Ахиллес и Хирон, заслышав её шаги, прекращают тренировочный бой. Кентавр стоит гордо, ожидая её приближение, Ахиллес привычно слегка склоняет голову в знак приветствия, но на сердце у него тревога – сегодня Хирон нанёс ему поражение. И вроде бы бился Ахиллес как всегда с яростью и скоростью, а…
Чего-то не хватило. Чего?
–Госпожа, – Хирон начинает ежедневный доклад, – сегодня мы обсуждали природу добродетели и милосердства, затем вели разговор о стихосложении и толковании…
–Что с военным делом? – перебивает Фетида. Ей плевать на рифмы и добродетели. Её Ахиллес – воин! Не какой-то поэт или философ. Он – герой.
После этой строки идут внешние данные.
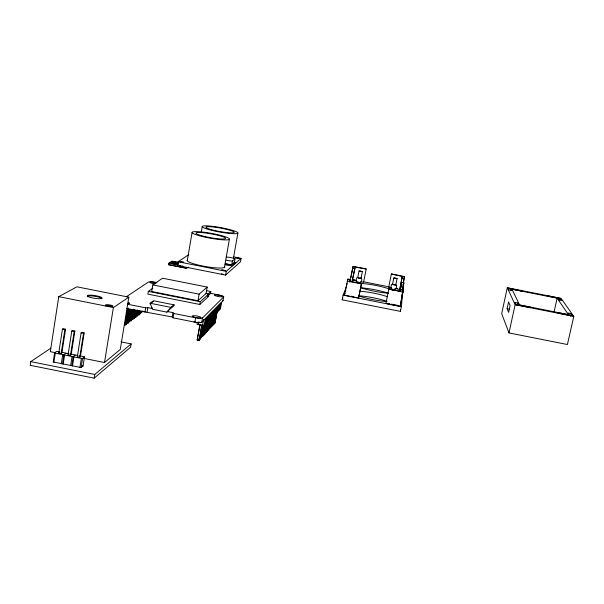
<?xml version="1.0" encoding="UTF-8"?>
<svg xmlns="http://www.w3.org/2000/svg" width="604" height="604" viewBox="0 0 604 604"><rect width="100%" height="100%" fill="white"/><g stroke="black" fill="none" stroke-linecap="round" stroke-linejoin="round"><path stroke-width="0.91" d="M174.133 304.861L171.053 307.413L166.878 312.14L152.495 309.278L150.132 303.246L153.476 300.747L174.133 304.861L166.878 312.14M346.485 286.636L343.095 295.114L342.181 299.818L400.399 311.392L401.35 306.696L402.966 289.618L402.619 291.339M389.633 303.789L385.918 303.434L400.18 306.273L403.223 290.071L400.867 289.603L400.512 291.347M402.581 290.615L403.887 282.914L401.622 282.461L399.818 291.422M403.434 282.74L404.484 276.564L391.354 273.967L388.704 287.27L391.437 287.814M400.399 311.392L400.58 309.55M401.381 301.283L401.562 299.441M401.917 295.771L402.098 293.929M400.18 306.273L403.223 290.071M400.867 289.603L400.679 291.339L388.795 288.976L385.918 303.434M400.105 291.068L401.622 282.461M402.264 276.428L399.463 291.053L402.264 276.428L391.354 273.967M126.78 308.584L172.223 316.987L173.069 317.817L194.858 322.166A6.017 1.163 9.7 0 0 201.728 322.325L223.004 300.8L222.702 300.248M223.004 300.8L223.729 296.632L222.725 295.998A5.428 0.936 10 0 0 219.237 295.031L210.056 293.204M50.947 348.115L30.759 361.622L30.2 365.322L94.194 378.142L130.615 347.194L131.159 343.895L121.057 341.879M83.375 358.3L104.5 362.528L120.287 349.459L128.833 297.16L76.95 286.817L58.762 296.662L50.306 351.679L54.896 352.6M59.751 351.732L56.716 351.354L54.609 352.804L53.197 361.962L81.102 367.549L83.05 366.016L84.492 356.919L79.698 355.726M53.862 362.34L55.281 353.174L54.609 352.804M58.762 353L62.461 329.135L63.133 328.704L65.549 329.188L61.85 353.015L61.178 353.483L58.762 353L59.441 352.532M61.178 353.483L64.885 329.618L65.549 329.188M61.306 363.827L62.733 354.669L81.374 358.399L82.552 358.399L84.492 356.919M62.499 363.827L63.926 354.669L65.972 353.212L68.999 353.582M63.171 364.197L64.598 355.039M68.056 354.865L71.785 331L72.442 330.562L74.858 331.045L71.129 354.873L70.472 355.348L68.056 354.865L68.713 354.389M70.472 355.348L74.209 331.483L74.858 331.045M70.615 365.692L72.05 356.534M71.8 365.684L73.235 356.534L75.228 355.061L78.052 355.394M72.48 366.062L73.915 356.904M81.11 332.857L77.35 356.722L79.766 357.206L80.407 356.73L84.175 332.91L81.751 332.427L81.11 332.857L83.541 333.348L84.175 332.91M401.048 285.866L400.037 291.158M79.766 357.206L83.541 333.348M79.924 367.557L81.374 358.399M81.102 367.549L82.552 358.399M94.194 378.142L94.783 374.45L131.159 343.895M104.5 362.528L113.386 307.557L128.833 297.16M127.361 310.116L124.817 325.669L127.784 309.814M126.251 310.448L127.972 310.788L128.41 308.123M128.675 310.781L126.432 324.431L129.09 310.486M127.972 310.788L129.671 310.886L129.958 309.112M126.206 322.846L128.048 323.208L130.275 309.633M130.683 309.331L128.048 323.208M131.71 309.391L129.633 322L131.966 309.995M129.392 320.437L131.211 320.799L133.129 309.157M133.386 309.761L131.211 320.799M130.962 319.259L132.774 319.614L134.382 309.814M134.783 309.52L132.774 319.614M135.628 310.464L134.315 318.444L136.021 310.177M134.05 316.926L135.84 317.281L137.002 310.229M137.395 309.943L135.84 317.281M138.218 310.871L137.35 316.134L138.505 311.188M137.07 314.646L138.845 315.001L139.607 310.365M138.845 315.001L139.841 311M140.777 311.113L140.317 313.876L141.004 311.747M140.037 312.411L141.789 312.759L142.091 310.924M144.968 312.215L145.692 307.859L147.844 307.632L152.329 308.531M152.82 288.236L148.335 291.377L147.874 294.133L199.803 304.476L208.304 296.632L208.773 293.989L206.092 293.453L197.984 300.739L151.687 291.521L152.789 284.914L162.544 278.202L207.202 287.089L206.092 293.453M147.119 311.981L147.844 307.632M188.38 267.104L186.651 268.282L168.516 264.673L169.052 263.019L178.112 264.824M169.777 263.85L170.026 262.393L178.142 264.008M171.423 262.785L171.944 261.154L178.218 262.4M188.841 254.616L178.089 261.758L177.455 265.496L225.609 275.069L240.437 261.819L241.056 258.361L233.786 256.911M172.223 316.987L172.955 312.646L167.565 311.566M173.069 317.817L173.809 313.468L172.955 312.646M187.255 260.709L192.049 232.676M388.795 288.976L403.027 292.162M201.245 232.359L202.204 226.81M388.704 287.27L391.377 287.474M197.984 300.739L199.131 294.14L207.202 287.089M194.858 322.166L195.613 317.81A6.017 1.148 9.7 0 0 202.483 317.998L223.699 296.874M199.803 304.476L200.286 301.721L208.773 293.989M197.304 322.483L196.995 324.257L204.175 325.684L204.892 324.937L206.13 317.87M198.188 324.793L198.648 322.128M201.879 325.533L199.335 340.135L197.153 340.112L199.864 324.575M197.153 340.112L200.181 324.25M201.728 322.325L202.483 317.998M199.01 340.482L201.721 324.944M202.499 325.654L203.578 319.441M202.612 325.533L200.234 339.161L202.921 325.209M203.654 325.201L201.442 337.855L203.963 324.884M204.175 325.684L205.413 318.595M204.832 323.978L202.634 336.571L205.141 323.661M206.266 290.622L210.826 291.528L210.456 293.612L207.814 296.043M206.606 317.394L205.368 324.446L206.085 323.706M206.009 322.762L203.812 335.288L207.315 316.677M207.784 316.202L206.553 323.216L207.255 322.483M207.164 321.57L204.982 334.027L208.486 315.492M208.946 315.024L207.723 322L208.418 321.275M208.312 320.384L206.138 332.774L209.641 314.322M210.101 313.853L208.878 320.799L209.573 320.082M209.445 319.206L207.285 331.536L210.781 313.159M211.241 312.706L210.026 319.607L210.705 318.897L211.913 312.019M210.418 318.92L208.418 330.312L210.856 317.749M212.366 311.558L211.158 318.429L211.838 317.727M211.649 317.062L209.535 329.104L213.038 310.879M213.484 310.433L212.283 317.266L212.948 316.572M212.751 315.922L210.645 327.904L214.148 309.761M214.586 309.316L213.393 316.111L214.05 315.424M213.839 314.797L211.74 326.719L215.243 308.652M215.681 308.214L214.488 314.971L215.137 314.291L216.33 307.549M214.918 313.687L212.827 325.541L215.19 313.393M216.761 307.119L215.575 313.846L216.217 313.174L217.402 306.47M215.817 313.491L213.899 324.378L216.255 312.298M224.446 267.338L229.361 239.418A19.094 2.469 10.2 0 0 203.858 232.215A19.094 2.469 10.2 0 0 199.094 235.666A19.094 2.469 10.2 0 0 229.361 239.418M217.825 306.032L216.647 312.729L217.289 312.064L218.467 305.39M216.874 312.396L214.964 323.231L217.304 311.211M218.882 304.967L217.712 311.626L218.346 310.969L219.516 304.325M219.931 303.903L218.761 310.531L219.388 309.882L220.558 303.276M225.609 275.069L226.273 271.332L241.056 258.361M220.966 302.853L219.803 309.452L220.422 308.803L221.585 302.234M225.564 263.759A5.647 0.831 10.2 0 0 231.106 264.643L231.747 264.658L232.389 261.034L235.062 258.761L234.631 258.572A5.595 0.8 10.2 0 0 226.945 257.047L226.311 257.025M225.171 264.711A6.236 0.921 10.2 0 0 231.294 265.677L232.132 265.7L232.291 264.794L235.016 262.423L234.45 262.174M233.431 258.142L237.84 233.272A18.233 2.257 10.3 0 0 213.355 226.462A18.233 2.257 10.3 0 0 209.007 229.618A18.233 2.257 10.3 0 0 237.84 233.272M231.747 264.658L234.428 262.332L235.062 258.761M232.132 265.7L234.858 263.314L235.016 262.423M350.244 279.554L349.595 281.2L361.471 283.555L358.595 298.006L344.348 295.175L347.889 279.086L350.244 279.554L349.739 282.174M345.526 291.309L345.858 289.565M346.704 285.201L347.043 283.45M347.383 281.706L347.889 279.086M349.852 281.2L353.091 266.372L366.205 268.976L363.563 282.279L360.83 281.736M350.901 277.644L351.241 275.907M351.573 274.171L352.419 269.837M352.751 268.108L353.091 266.372M355.167 267.089L352.049 281.638L355.167 267.089L366.205 268.976M361.041 277.961C363.004 279.629 360.83 284.499 357.893 282.408C354.986 282.793 356.149 276.436 358.406 277.387M358.519 277.893L357.764 277.538L359.04 270.992L360.339 271.03L362.34 271.649L361.064 278.195L360.52 278.255M358.595 298.006L361.471 283.555M402.566 290.426L403.321 286.266L402.513 289.995M395.288 284.703C397.953 284.937 396.103 291.43 393.227 289.429C389.799 290.192 390.546 283.51 393.091 284.273M392.502 284.431L393.808 277.893L397.062 278.474L395.794 285.088L392.502 284.431L393.008 284.363M400.007 290.728L401.048 285.858M403.261 282.627L404.484 276.564M402.626 289.188L403.887 282.914M507.292 287.731L501.682 313.657L508.976 332.917L567.413 344.529L573.8 316.353L561.078 298.391L507.292 287.731L515.129 304.71L508.976 332.917M510.652 290.743L511.044 288.938L522.045 291.113L508.228 288.033L509.149 290.018L511.815 290.547L511.044 288.938M507.096 308.682L508.553 301.977L510.108 305.556L508.628 312.374L507.096 308.682L509.814 309.218M517.19 305.692L517.779 303.012L514.94 302.445L516.012 304.756L530.841 307.693L530.599 307.24L518.67 304.869L517.779 303.012M554.11 311.732L557.145 298.187L511.988 289.24L519.546 304.907L568.462 314.616L557.145 298.187M559.885 300.15L560.293 298.353L546.665 295.65L557.93 298.233L559.108 299.924L561.773 300.452L560.293 298.353M570.41 316.254L571.014 313.574L568.175 313.008L569.527 314.963L557.583 312.593L557.885 313.061L572.728 316.005L571.014 313.574M342.181 299.818L342.868 298.082M344.348 295.175L345.186 293.061M207.738 294.329L210.826 291.528M170.887 308.085L173.975 305.518M396.345 285.194L391.951 284.325M391.075 288.674L391.754 288.576M143.601 311.377L141.487 311.317M150.071 303.933L153.416 301.419M397.107 278.55L393.853 277.961M129.671 310.886L130.766 310.094M186.651 268.282L168.516 264.673M126.281 296.806L148.614 281.932L150.94 281.713A5.459 0.929 9.5 0 1 154.971 282.234L156.806 282.604M170.026 262.393L177.87 264.197M361.607 278.301L359.765 278.165M357.764 277.538L358.3 277.47M362.34 271.649L359.04 270.992M182.967 266.07L181.812 266.092M232.291 264.794L231.453 264.771A6.236 0.921 10.2 0 1 225.33 263.805M232.389 261.034L231.747 261.011A5.647 0.815 10.2 0 1 226.206 260.128M357.553 281.736L358.096 281.811M360.422 278.346L358.738 278.044M223.389 274.367L221.389 273.891M352.396 268.07L354.608 268.508M402.105 277.931L404.318 278.368M515.129 304.71L573.8 316.353M401.381 284.718L403.676 285.171M352.298 279.554L355.061 280.105M363.351 281.751L389.15 286.87M352.313 279.72L355.801 280.415M395.748 288.342L397.492 288.689M352.63 280.113L356.277 280.83M395.084 288.538L399.644 289.444M347.089 281.056L361.366 283.888M178.089 261.758L226.273 271.332M351.422 296.194L353.242 296.556M391.452 304.152L397.84 305.42M343.095 295.114L401.35 306.696M171.664 261.336L178.837 262.763M178.18 263.201L170.706 261.955L177.908 263.382M168.765 263.208L177.833 265.013M152.789 284.914L199.131 294.14M207.368 296.451L208.304 296.632M148.335 291.377L200.286 301.721M150.132 303.246L171.053 307.413M127.489 304.227L145.692 307.859M173.809 313.468L195.613 317.81M58.762 296.662L113.386 307.557M137.463 314.352L139.23 314.707M198.701 338.451L200.543 338.821M197.478 339.765L199.335 340.135M62.461 329.135L64.885 329.618M71.785 331L74.209 331.483M61.6 352.102L65.972 353.212M70.849 353.952L75.228 355.061M55.281 353.174L62.733 354.669M30.759 361.622L94.783 374.45M359.335 278.089L357.213 277.425M180.883 265.949L179.433 265.443M394.412 289.052L394.857 289.195M156.708 282.944L156.564 282.891A4.092 0.695 9.5 0 0 152.623 282.106L151.672 282.03A4.092 0.695 9.5 0 0 150.253 282.695A4.092 0.695 9.5 0 0 155.16 283.857M395.341 284.824L395.794 285.088M360.188 282.31L360.754 282.657M233.997 262.144L234.428 262.332M234.292 263.065L234.858 263.314M82.363 365.647L83.05 366.016M151.596 307.293L152.374 308.478M224.545 266.598A19.018 2.861 10 0 1 205.284 266.492A19.018 2.861 10 0 1 187.489 259.992M388.319 293.204A20.453 2.99 11.2 0 1 360.429 287.557M358.383 283.457A20.453 2.99 11.2 0 1 392.857 290.305M386.915 301.532A21.329 3.254 11.2 0 1 358.58 295.9M360.052 291.271A21.329 3.254 11.2 0 1 387.715 296.768M359.161 295.809A21.314 3.322 11.2 0 1 386.809 301.305M360.882 287.866A20.438 3.058 11.2 0 1 388.191 293.182M128.237 302.43A4.545 0.853 9.2 0 1 127.587 303.691M199.924 322.204A4.515 0.876 9.7 0 1 197.417 322.249M195.115 321.909A4.515 0.876 9.7 0 1 194.005 321.66M87.346 296.76A7.407 1.382 8.9 0 1 91.544 295.9A7.407 1.382 8.9 0 1 100.204 297.591L101.215 298.051A7.407 1.382 8.9 0 1 101.857 298.859M105.541 305.979A3.775 0.725 9 0 1 108.071 305.458L109.03 305.579A3.775 0.725 9 0 1 112.299 306.424M239.343 258.391L236.073 257.81L239.343 258.391M183.631 262.272L180.067 261.706L183.631 262.272M225.36 270.592L221.804 269.973L225.36 270.592M111.944 306.515L111.189 306.522A3.775 0.725 9 0 1 105.828 305.382A3.775 0.725 9 0 1 108.184 304.741L109.143 304.861A3.775 0.725 9 0 1 112.646 305.828A3.775 0.725 9 0 1 111.944 306.515M216.972 294.911L216.058 294.843A4.069 0.702 10 0 0 215.175 295.688A4.069 0.702 10 0 0 220.777 296.806A4.069 0.702 10 0 0 221.645 295.96L220.928 295.696A4.069 0.702 10 0 0 216.972 294.911M101.329 297.349L100.317 296.889A7.407 1.374 8.9 0 0 90.811 295.152A7.407 1.374 8.9 0 0 88.01 296.488L89.014 296.949A7.407 1.374 8.9 0 0 98.558 298.693A7.407 1.374 8.9 0 0 101.329 297.349M211.34 229.633A14.36 1.774 10.3 0 0 234.065 232.525A14.36 1.774 10.3 0 0 214.835 227.164A14.36 1.774 10.3 0 0 211.34 229.633M201.555 235.666A15.032 1.94 10.2 0 0 225.42 238.64A15.032 1.94 10.2 0 0 205.383 232.963A15.032 1.94 10.2 0 0 201.555 235.666M193.793 317.032A4.515 0.861 9.7 0 0 201.019 317.704A4.515 0.861 9.7 0 0 195.084 315.756A4.515 0.861 9.7 0 0 193.793 317.032"/></g></svg>

Хирон хмурится, но покоряется:
–Ярость Ахиллеса в бою поразительна. Он упорен и твёрд.
Фетида кивает. Ахилесс уже, было, выдыхает с облегчением – не сказал Хирон про поражение, но нет, кентавр всё-таки добавляет:
–Но ему не достаёт сдержанности. Страсть ослепляет его. А бой – это расчёт.
Хирон хочет донести очень простую мысль: «Ахиллес должен биться с большим разумом и с меньшим сердцем», но Фетида слышит: «всё плохо».
Она бледнеет, бросает на потупившегося Ахиллеса взгляд, полный бешенства, но не затевает разбора при Хироне, кивает коротко и сдержанно и уходит прочь такой походкой, от которой Ахилессу нехорошо. Он знает, что будет, когда Хирон уйдёт.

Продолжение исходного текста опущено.